Working Paper

The Narrow Depth and Breadth of Corporate Responsible AI Research
Nur Ahmed, Amit Das, Kirsten Martin, Kawshik Banerjee
Full paper: arxiv.org/abs/2405.12193
Media coverage: Nature Index, Nature News Feature
The transformative potential of AI offers both remarkable opportunities and significant risks, emphasizing the need for responsible AI development. Despite increasing focus in this area, understanding of industry engagement in responsible AI research remains limited. Our analysis of over 6 million peer-reviewed articles and 32 million patent citations reveals that most AI companies exhibit minimal engagement in responsible AI, contrasting sharply with their dominant presence in conventional AI research. Leading AI companies produce significantly less responsible AI research than their conventional counterparts or top academic institutions. Our linguistic analysis indicates a narrow focus in industry research, with limited topic diversity. Additionally, our patent citation analysis uncovers a disconnect between responsible AI research and AI commercialization, suggesting a lack of incorporation of academic research into the products they develop. This gap highlights the risk of AI development with potential unintended consequences due to insufficient ethical consideration. Our findings underscore the urgent need for industry to engage publicly in responsible AI research to foster trust and address AI-induced harms.
Conference Paper

Quantifying Shifts in Word Contexts from Social Media Data
Kawshik Banerjee, Md. Azmain Yakin Srizon, Md. Farukuzzaman Faruk, S.M. Mahedy Hasan, Md. Rakib Hossain
Accepted Venue: 2nd International Conference on Big Data, IoT and Machine Learning (BIM 2023)

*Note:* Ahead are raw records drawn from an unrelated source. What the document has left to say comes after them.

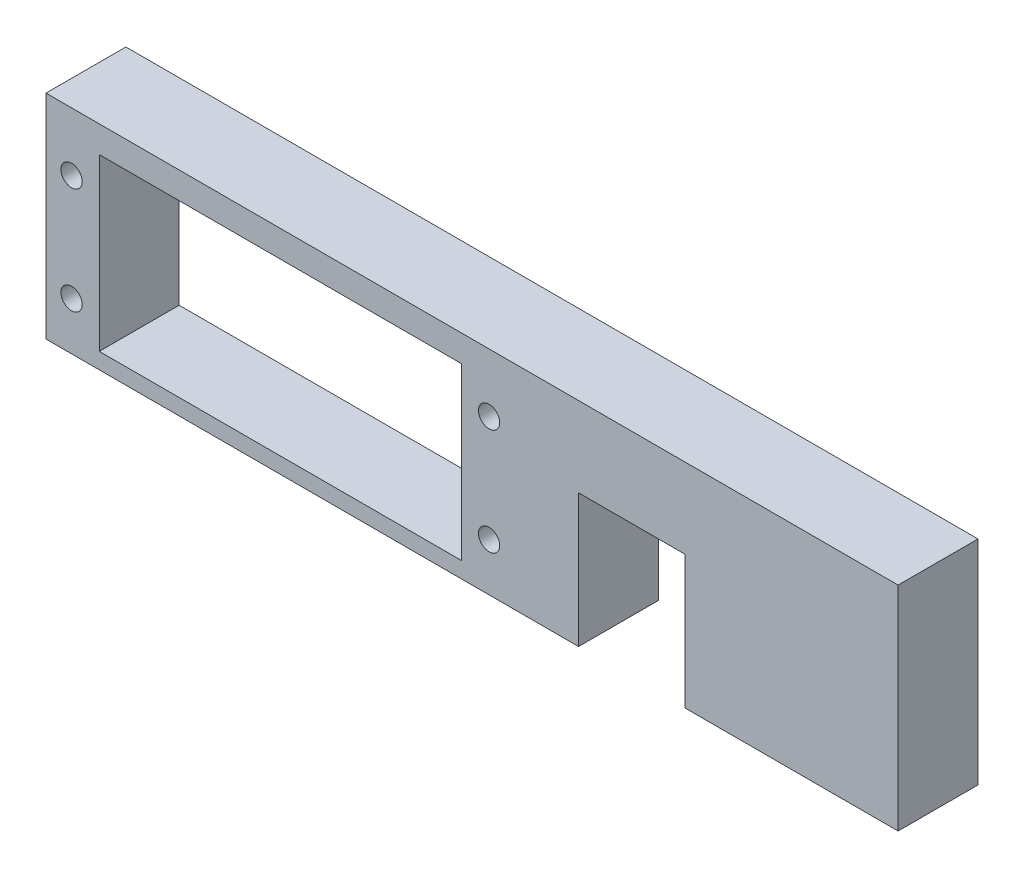
ISO-10303-21;
HEADER;
FILE_DESCRIPTION(('STEP AP214'),'2;1');
FILE_NAME('part.step','',(''),(''),'','','');
FILE_SCHEMA(('AUTOMOTIVE_DESIGN { 1 0 10303 214 1 1 1 1 }'));
ENDSEC;
DATA;
#1=APPLICATION_CONTEXT('core data for automotive mechanical design processes');
#2=APPLICATION_PROTOCOL_DEFINITION('international standard','automotive_design',2000,#1);
#3=PRODUCT_CONTEXT('',#1,'mechanical');
#4=PRODUCT('Part','Part','',(#3));
#5=PRODUCT_RELATED_PRODUCT_CATEGORY('part','',(#4));
#6=PRODUCT_DEFINITION_FORMATION('','',#4);
#7=PRODUCT_DEFINITION_CONTEXT('part definition',#1,'design');
#8=PRODUCT_DEFINITION('design','',#6,#7);
#9=PRODUCT_DEFINITION_SHAPE('','',#8);
#10=(LENGTH_UNIT() NAMED_UNIT(*) SI_UNIT(.MILLI.,.METRE.));
#11=(NAMED_UNIT(*) PLANE_ANGLE_UNIT() SI_UNIT($,.RADIAN.));
#12=(NAMED_UNIT(*) SI_UNIT($,.STERADIAN.) SOLID_ANGLE_UNIT());
#13=UNCERTAINTY_MEASURE_WITH_UNIT(LENGTH_MEASURE(1.E-05),#10,'distance_accuracy_value','');
#14=(GEOMETRIC_REPRESENTATION_CONTEXT(3) GLOBAL_UNCERTAINTY_ASSIGNED_CONTEXT((#13)) GLOBAL_UNIT_ASSIGNED_CONTEXT((#10,
#11,#12)) REPRESENTATION_CONTEXT('',''));
#15=CARTESIAN_POINT('',(0.,0.,0.));
#16=DIRECTION('',(0.,0.,1.));
#17=DIRECTION('',(1.,0.,0.));
#18=AXIS2_PLACEMENT_3D('',#15,#16,#17);
#19=CARTESIAN_POINT('',(0.,0.,9.525));
#20=DIRECTION('',(0.,0.,-1.));
#21=DIRECTION('',(-1.,0.,0.));
#22=AXIS2_PLACEMENT_3D('',#19,#20,#21);
#23=PLANE('',#22);
#24=CARTESIAN_POINT('',(52.832,18.415,9.525));
#25=DIRECTION('',(0.,0.,1.));
#26=DIRECTION('',(1.,0.,0.));
#27=AXIS2_PLACEMENT_3D('',#24,#25,#26);
#28=CIRCLE('',#27,1.27);
#29=CARTESIAN_POINT('',(54.102,18.415,9.525));
#30=VERTEX_POINT('',#29);
#31=EDGE_CURVE('E350',#30,#30,#28,.T.);
#32=ORIENTED_EDGE('',*,*,#31,.F.);
#33=EDGE_LOOP('',(#32));
#34=FACE_BOUND('',#33,.T.);
#35=CARTESIAN_POINT('',(3.04799999999999,18.415,9.525));
#36=DIRECTION('',(0.,0.,1.));
#37=DIRECTION('',(1.,0.,0.));
#38=AXIS2_PLACEMENT_3D('',#35,#36,#37);
#39=CIRCLE('',#38,1.27);
#40=CARTESIAN_POINT('',(4.31799999999999,18.415,9.525));
#41=VERTEX_POINT('',#40);
#42=EDGE_CURVE('E154',#41,#41,#39,.T.);
#43=ORIENTED_EDGE('',*,*,#42,.F.);
#44=EDGE_LOOP('',(#43));
#45=FACE_BOUND('',#44,.T.);
#46=DIRECTION('',(0.,-1.,0.));
#47=VECTOR('',#46,1.);
#48=CARTESIAN_POINT('',(0.,0.,9.525));
#49=LINE('',#48,#47);
#50=CARTESIAN_POINT('',(0.,25.4,9.525));
#51=VERTEX_POINT('',#50);
#52=CARTESIAN_POINT('',(0.,0.,9.525));
#53=VERTEX_POINT('',#52);
#54=EDGE_CURVE('E164',#51,#53,#49,.T.);
#55=ORIENTED_EDGE('',*,*,#54,.T.);
#56=DIRECTION('',(1.,0.,0.));
#57=VECTOR('',#56,1.);
#58=CARTESIAN_POINT('',(0.,0.,9.525));
#59=LINE('',#58,#57);
#60=CARTESIAN_POINT('',(63.5,0.,9.525));
#61=VERTEX_POINT('',#60);
#62=EDGE_CURVE('E167',#53,#61,#59,.T.);
#63=ORIENTED_EDGE('',*,*,#62,.T.);
#64=DIRECTION('',(0.,1.,0.));
#65=VECTOR('',#64,1.);
#66=CARTESIAN_POINT('',(63.5,0.,9.525));
#67=LINE('',#66,#65);
#68=CARTESIAN_POINT('',(63.5,15.875,9.525));
#69=VERTEX_POINT('',#68);
#70=EDGE_CURVE('E170',#61,#69,#67,.T.);
#71=ORIENTED_EDGE('',*,*,#70,.T.);
#72=DIRECTION('',(1.,0.,0.));
#73=VECTOR('',#72,1.);
#74=CARTESIAN_POINT('',(63.5,15.875,9.525));
#75=LINE('',#74,#73);
#76=CARTESIAN_POINT('',(76.2,15.875,9.525));
#77=VERTEX_POINT('',#76);
#78=EDGE_CURVE('E172',#69,#77,#75,.T.);
#79=ORIENTED_EDGE('',*,*,#78,.T.);
#80=DIRECTION('',(0.,-1.,0.));
#81=VECTOR('',#80,1.);
#82=CARTESIAN_POINT('',(76.2,15.875,9.525));
#83=LINE('',#82,#81);
#84=CARTESIAN_POINT('',(76.2,0.,9.525));
#85=VERTEX_POINT('',#84);
#86=EDGE_CURVE('E174',#77,#85,#83,.T.);
#87=ORIENTED_EDGE('',*,*,#86,.T.);
#88=DIRECTION('',(1.,0.,0.));
#89=VECTOR('',#88,1.);
#90=CARTESIAN_POINT('',(76.2,0.,9.525));
#91=LINE('',#90,#89);
#92=CARTESIAN_POINT('',(101.6,0.,9.525));
#93=VERTEX_POINT('',#92);
#94=EDGE_CURVE('E176',#85,#93,#91,.T.);
#95=ORIENTED_EDGE('',*,*,#94,.T.);
#96=DIRECTION('',(0.,1.,0.));
#97=VECTOR('',#96,1.);
#98=CARTESIAN_POINT('',(101.6,0.,9.525));
#99=LINE('',#98,#97);
#100=CARTESIAN_POINT('',(101.6,25.4,9.525));
#101=VERTEX_POINT('',#100);
#102=EDGE_CURVE('E178',#93,#101,#99,.T.);
#103=ORIENTED_EDGE('',*,*,#102,.T.);
#104=DIRECTION('',(-1.,0.,0.));
#105=VECTOR('',#104,1.);
#106=CARTESIAN_POINT('',(0.,25.4,9.525));
#107=LINE('',#106,#105);
#108=EDGE_CURVE('E180',#101,#51,#107,.T.);
#109=ORIENTED_EDGE('',*,*,#108,.T.);
#110=EDGE_LOOP('',(#55,#63,#71,#79,#87,#95,#103,#109));
#111=FACE_BOUND('',#110,.T.);
#112=DIRECTION('',(0.,-1.,0.));
#113=VECTOR('',#112,1.);
#114=CARTESIAN_POINT('',(6.35,22.225,9.525));
#115=LINE('',#114,#113);
#116=CARTESIAN_POINT('',(6.35,22.225,9.525));
#117=VERTEX_POINT('',#116);
#118=CARTESIAN_POINT('',(6.35,1.90500000000001,9.525));
#119=VERTEX_POINT('',#118);
#120=EDGE_CURVE('E125',#117,#119,#115,.T.);
#121=ORIENTED_EDGE('',*,*,#120,.F.);
#122=DIRECTION('',(-1.,0.,0.));
#123=VECTOR('',#122,1.);
#124=CARTESIAN_POINT('',(6.35,22.225,9.525));
#125=LINE('',#124,#123);
#126=CARTESIAN_POINT('',(49.53,22.225,9.525));
#127=VERTEX_POINT('',#126);
#128=EDGE_CURVE('E148',#127,#117,#125,.T.);
#129=ORIENTED_EDGE('',*,*,#128,.F.);
#130=DIRECTION('',(0.,1.,0.));
#131=VECTOR('',#130,1.);
#132=CARTESIAN_POINT('',(49.53,22.225,9.525));
#133=LINE('',#132,#131);
#134=CARTESIAN_POINT('',(49.53,1.90500000000001,9.525));
#135=VERTEX_POINT('',#134);
#136=EDGE_CURVE('E146',#135,#127,#133,.T.);
#137=ORIENTED_EDGE('',*,*,#136,.F.);
#138=DIRECTION('',(1.,0.,0.));
#139=VECTOR('',#138,1.);
#140=CARTESIAN_POINT('',(6.35,1.90500000000001,9.525));
#141=LINE('',#140,#139);
#142=EDGE_CURVE('E133',#119,#135,#141,.T.);
#143=ORIENTED_EDGE('',*,*,#142,.F.);
#144=EDGE_LOOP('',(#121,#129,#137,#143));
#145=FACE_BOUND('',#144,.T.);
#146=CARTESIAN_POINT('',(3.04799999999999,5.71500000000001,9.525));
#147=DIRECTION('',(0.,0.,1.));
#148=DIRECTION('',(1.,0.,0.));
#149=AXIS2_PLACEMENT_3D('',#146,#147,#148);
#150=CIRCLE('',#149,1.27);
#151=CARTESIAN_POINT('',(4.31799999999999,5.71500000000001,9.525));
#152=VERTEX_POINT('',#151);
#153=EDGE_CURVE('E356',#152,#152,#150,.T.);
#154=ORIENTED_EDGE('',*,*,#153,.F.);
#155=EDGE_LOOP('',(#154));
#156=FACE_BOUND('',#155,.T.);
#157=CARTESIAN_POINT('',(52.832,5.715,9.525));
#158=DIRECTION('',(0.,0.,1.));
#159=DIRECTION('',(1.,0.,0.));
#160=AXIS2_PLACEMENT_3D('',#157,#158,#159);
#161=CIRCLE('',#160,1.27);
#162=CARTESIAN_POINT('',(54.102,5.715,9.525));
#163=VERTEX_POINT('',#162);
#164=EDGE_CURVE('E344',#163,#163,#161,.T.);
#165=ORIENTED_EDGE('',*,*,#164,.F.);
#166=EDGE_LOOP('',(#165));
#167=FACE_BOUND('',#166,.T.);
#168=ADVANCED_FACE('F36',(#34,#45,#111,#145,#156,#167),#23,.F.);
#169=CARTESIAN_POINT('',(0.,0.,0.));
#170=DIRECTION('',(0.,0.,-1.));
#171=DIRECTION('',(-1.,0.,0.));
#172=AXIS2_PLACEMENT_3D('',#169,#170,#171);
#173=PLANE('',#172);
#174=CARTESIAN_POINT('',(52.832,18.415,0.));
#175=DIRECTION('',(0.,0.,1.));
#176=DIRECTION('',(1.,0.,0.));
#177=AXIS2_PLACEMENT_3D('',#174,#175,#176);
#178=CIRCLE('',#177,1.27);
#179=CARTESIAN_POINT('',(54.102,18.415,0.));
#180=VERTEX_POINT('',#179);
#181=EDGE_CURVE('E347',#180,#180,#178,.T.);
#182=ORIENTED_EDGE('',*,*,#181,.T.);
#183=EDGE_LOOP('',(#182));
#184=FACE_BOUND('',#183,.T.);
#185=CARTESIAN_POINT('',(3.04799999999999,18.415,0.));
#186=DIRECTION('',(0.,0.,1.));
#187=DIRECTION('',(1.,0.,0.));
#188=AXIS2_PLACEMENT_3D('',#185,#186,#187);
#189=CIRCLE('',#188,1.27);
#190=CARTESIAN_POINT('',(4.31799999999999,18.415,0.));
#191=VERTEX_POINT('',#190);
#192=EDGE_CURVE('E359',#191,#191,#189,.T.);
#193=ORIENTED_EDGE('',*,*,#192,.T.);
#194=EDGE_LOOP('',(#193));
#195=FACE_BOUND('',#194,.T.);
#196=DIRECTION('',(0.,-1.,0.));
#197=VECTOR('',#196,1.);
#198=CARTESIAN_POINT('',(0.,0.,0.));
#199=LINE('',#198,#197);
#200=CARTESIAN_POINT('',(0.,25.4,0.));
#201=VERTEX_POINT('',#200);
#202=CARTESIAN_POINT('',(0.,0.,0.));
#203=VERTEX_POINT('',#202);
#204=EDGE_CURVE('E141',#201,#203,#199,.T.);
#205=ORIENTED_EDGE('',*,*,#204,.F.);
#206=DIRECTION('',(-1.,0.,0.));
#207=VECTOR('',#206,1.);
#208=CARTESIAN_POINT('',(0.,25.4,0.));
#209=LINE('',#208,#207);
#210=CARTESIAN_POINT('',(101.6,25.4,0.));
#211=VERTEX_POINT('',#210);
#212=EDGE_CURVE('E168',#211,#201,#209,.T.);
#213=ORIENTED_EDGE('',*,*,#212,.F.);
#214=DIRECTION('',(0.,1.,0.));
#215=VECTOR('',#214,1.);
#216=CARTESIAN_POINT('',(101.6,0.,0.));
#217=LINE('',#216,#215);
#218=CARTESIAN_POINT('',(101.6,0.,0.));
#219=VERTEX_POINT('',#218);
#220=EDGE_CURVE('E195',#219,#211,#217,.T.);
#221=ORIENTED_EDGE('',*,*,#220,.F.);
#222=DIRECTION('',(1.,0.,0.));
#223=VECTOR('',#222,1.);
#224=CARTESIAN_POINT('',(76.2,0.,0.));
#225=LINE('',#224,#223);
#226=CARTESIAN_POINT('',(76.2,0.,0.));
#227=VERTEX_POINT('',#226);
#228=EDGE_CURVE('E193',#227,#219,#225,.T.);
#229=ORIENTED_EDGE('',*,*,#228,.F.);
#230=DIRECTION('',(0.,-1.,0.));
#231=VECTOR('',#230,1.);
#232=CARTESIAN_POINT('',(76.2,15.875,0.));
#233=LINE('',#232,#231);
#234=CARTESIAN_POINT('',(76.2,15.875,0.));
#235=VERTEX_POINT('',#234);
#236=EDGE_CURVE('E191',#235,#227,#233,.T.);
#237=ORIENTED_EDGE('',*,*,#236,.F.);
#238=DIRECTION('',(1.,0.,0.));
#239=VECTOR('',#238,1.);
#240=CARTESIAN_POINT('',(63.5,15.875,0.));
#241=LINE('',#240,#239);
#242=CARTESIAN_POINT('',(63.5,15.875,0.));
#243=VERTEX_POINT('',#242);
#244=EDGE_CURVE('E189',#243,#235,#241,.T.);
#245=ORIENTED_EDGE('',*,*,#244,.F.);
#246=DIRECTION('',(0.,1.,0.));
#247=VECTOR('',#246,1.);
#248=CARTESIAN_POINT('',(63.5,0.,0.));
#249=LINE('',#248,#247);
#250=CARTESIAN_POINT('',(63.5,0.,0.));
#251=VERTEX_POINT('',#250);
#252=EDGE_CURVE('E187',#251,#243,#249,.T.);
#253=ORIENTED_EDGE('',*,*,#252,.F.);
#254=DIRECTION('',(1.,0.,0.));
#255=VECTOR('',#254,1.);
#256=CARTESIAN_POINT('',(0.,0.,0.));
#257=LINE('',#256,#255);
#258=EDGE_CURVE('E185',#203,#251,#257,.T.);
#259=ORIENTED_EDGE('',*,*,#258,.F.);
#260=EDGE_LOOP('',(#205,#213,#221,#229,#237,#245,#253,#259));
#261=FACE_BOUND('',#260,.T.);
#262=DIRECTION('',(-1.,0.,0.));
#263=VECTOR('',#262,1.);
#264=CARTESIAN_POINT('',(6.35,22.225,0.));
#265=LINE('',#264,#263);
#266=CARTESIAN_POINT('',(49.53,22.225,0.));
#267=VERTEX_POINT('',#266);
#268=CARTESIAN_POINT('',(6.35,22.225,0.));
#269=VERTEX_POINT('',#268);
#270=EDGE_CURVE('E134',#267,#269,#265,.T.);
#271=ORIENTED_EDGE('',*,*,#270,.T.);
#272=DIRECTION('',(0.,-1.,0.));
#273=VECTOR('',#272,1.);
#274=CARTESIAN_POINT('',(6.35,22.225,0.));
#275=LINE('',#274,#273);
#276=CARTESIAN_POINT('',(6.35,1.90500000000001,0.));
#277=VERTEX_POINT('',#276);
#278=EDGE_CURVE('E59',#269,#277,#275,.T.);
#279=ORIENTED_EDGE('',*,*,#278,.T.);
#280=DIRECTION('',(1.,0.,0.));
#281=VECTOR('',#280,1.);
#282=CARTESIAN_POINT('',(6.35,1.90500000000001,0.));
#283=LINE('',#282,#281);
#284=CARTESIAN_POINT('',(49.53,1.90500000000001,0.));
#285=VERTEX_POINT('',#284);
#286=EDGE_CURVE('E140',#277,#285,#283,.T.);
#287=ORIENTED_EDGE('',*,*,#286,.T.);
#288=DIRECTION('',(0.,1.,0.));
#289=VECTOR('',#288,1.);
#290=CARTESIAN_POINT('',(49.53,22.225,0.));
#291=LINE('',#290,#289);
#292=EDGE_CURVE('E156',#285,#267,#291,.T.);
#293=ORIENTED_EDGE('',*,*,#292,.T.);
#294=EDGE_LOOP('',(#271,#279,#287,#293));
#295=FACE_BOUND('',#294,.T.);
#296=CARTESIAN_POINT('',(3.04799999999999,5.71500000000001,0.));
#297=DIRECTION('',(0.,0.,1.));
#298=DIRECTION('',(1.,0.,0.));
#299=AXIS2_PLACEMENT_3D('',#296,#297,#298);
#300=CIRCLE('',#299,1.27);
#301=CARTESIAN_POINT('',(4.31799999999999,5.71500000000001,0.));
#302=VERTEX_POINT('',#301);
#303=EDGE_CURVE('E353',#302,#302,#300,.T.);
#304=ORIENTED_EDGE('',*,*,#303,.T.);
#305=EDGE_LOOP('',(#304));
#306=FACE_BOUND('',#305,.T.);
#307=CARTESIAN_POINT('',(52.832,5.715,0.));
#308=DIRECTION('',(0.,0.,1.));
#309=DIRECTION('',(1.,0.,0.));
#310=AXIS2_PLACEMENT_3D('',#307,#308,#309);
#311=CIRCLE('',#310,1.27);
#312=CARTESIAN_POINT('',(54.102,5.715,0.));
#313=VERTEX_POINT('',#312);
#314=EDGE_CURVE('E342',#313,#313,#311,.T.);
#315=ORIENTED_EDGE('',*,*,#314,.T.);
#316=EDGE_LOOP('',(#315));
#317=FACE_BOUND('',#316,.T.);
#318=ADVANCED_FACE('F225',(#184,#195,#261,#295,#306,#317),#173,.T.);
#319=CARTESIAN_POINT('',(0.,0.,9.525));
#320=DIRECTION('',(1.,0.,0.));
#321=DIRECTION('',(0.,0.,-1.));
#322=AXIS2_PLACEMENT_3D('',#319,#320,#321);
#323=PLANE('',#322);
#324=ORIENTED_EDGE('',*,*,#204,.T.);
#325=DIRECTION('',(0.,0.,-1.));
#326=VECTOR('',#325,1.);
#327=CARTESIAN_POINT('',(0.,0.,9.525));
#328=LINE('',#327,#326);
#329=EDGE_CURVE('E12',#53,#203,#328,.T.);
#330=ORIENTED_EDGE('',*,*,#329,.F.);
#331=ORIENTED_EDGE('',*,*,#54,.F.);
#332=DIRECTION('',(0.,0.,-1.));
#333=VECTOR('',#332,1.);
#334=CARTESIAN_POINT('',(0.,25.4,9.525));
#335=LINE('',#334,#333);
#336=EDGE_CURVE('E182',#51,#201,#335,.T.);
#337=ORIENTED_EDGE('',*,*,#336,.T.);
#338=EDGE_LOOP('',(#324,#330,#331,#337));
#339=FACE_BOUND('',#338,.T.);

Words denote different things in different contexts. But measuring the differences and concluding whether such differences are statistically significant or not is a big computational challenge. Previous methods either needed larger datasets or were computationally intensive. But in this study, following a relatively simpler approach on a self-curated dataset of about 4 million tweets from top 300 US universities, such issues have been addressed. Using regression on embedded vectors of words, it is shown here that, after the mass protest defending the rights of the African-American people in the USA in 2018, there has been a statistically significant (p < 0.01) change in the usage of racial and ethnic stereotypical terms like "black" and "race," in comparison to trivial regular terms like "excited" and "welcome" in the social media. It is also shown how a word's association with other words can largely vary across time. Such methods can be used to address other problems in the field of computational linguistics in the future.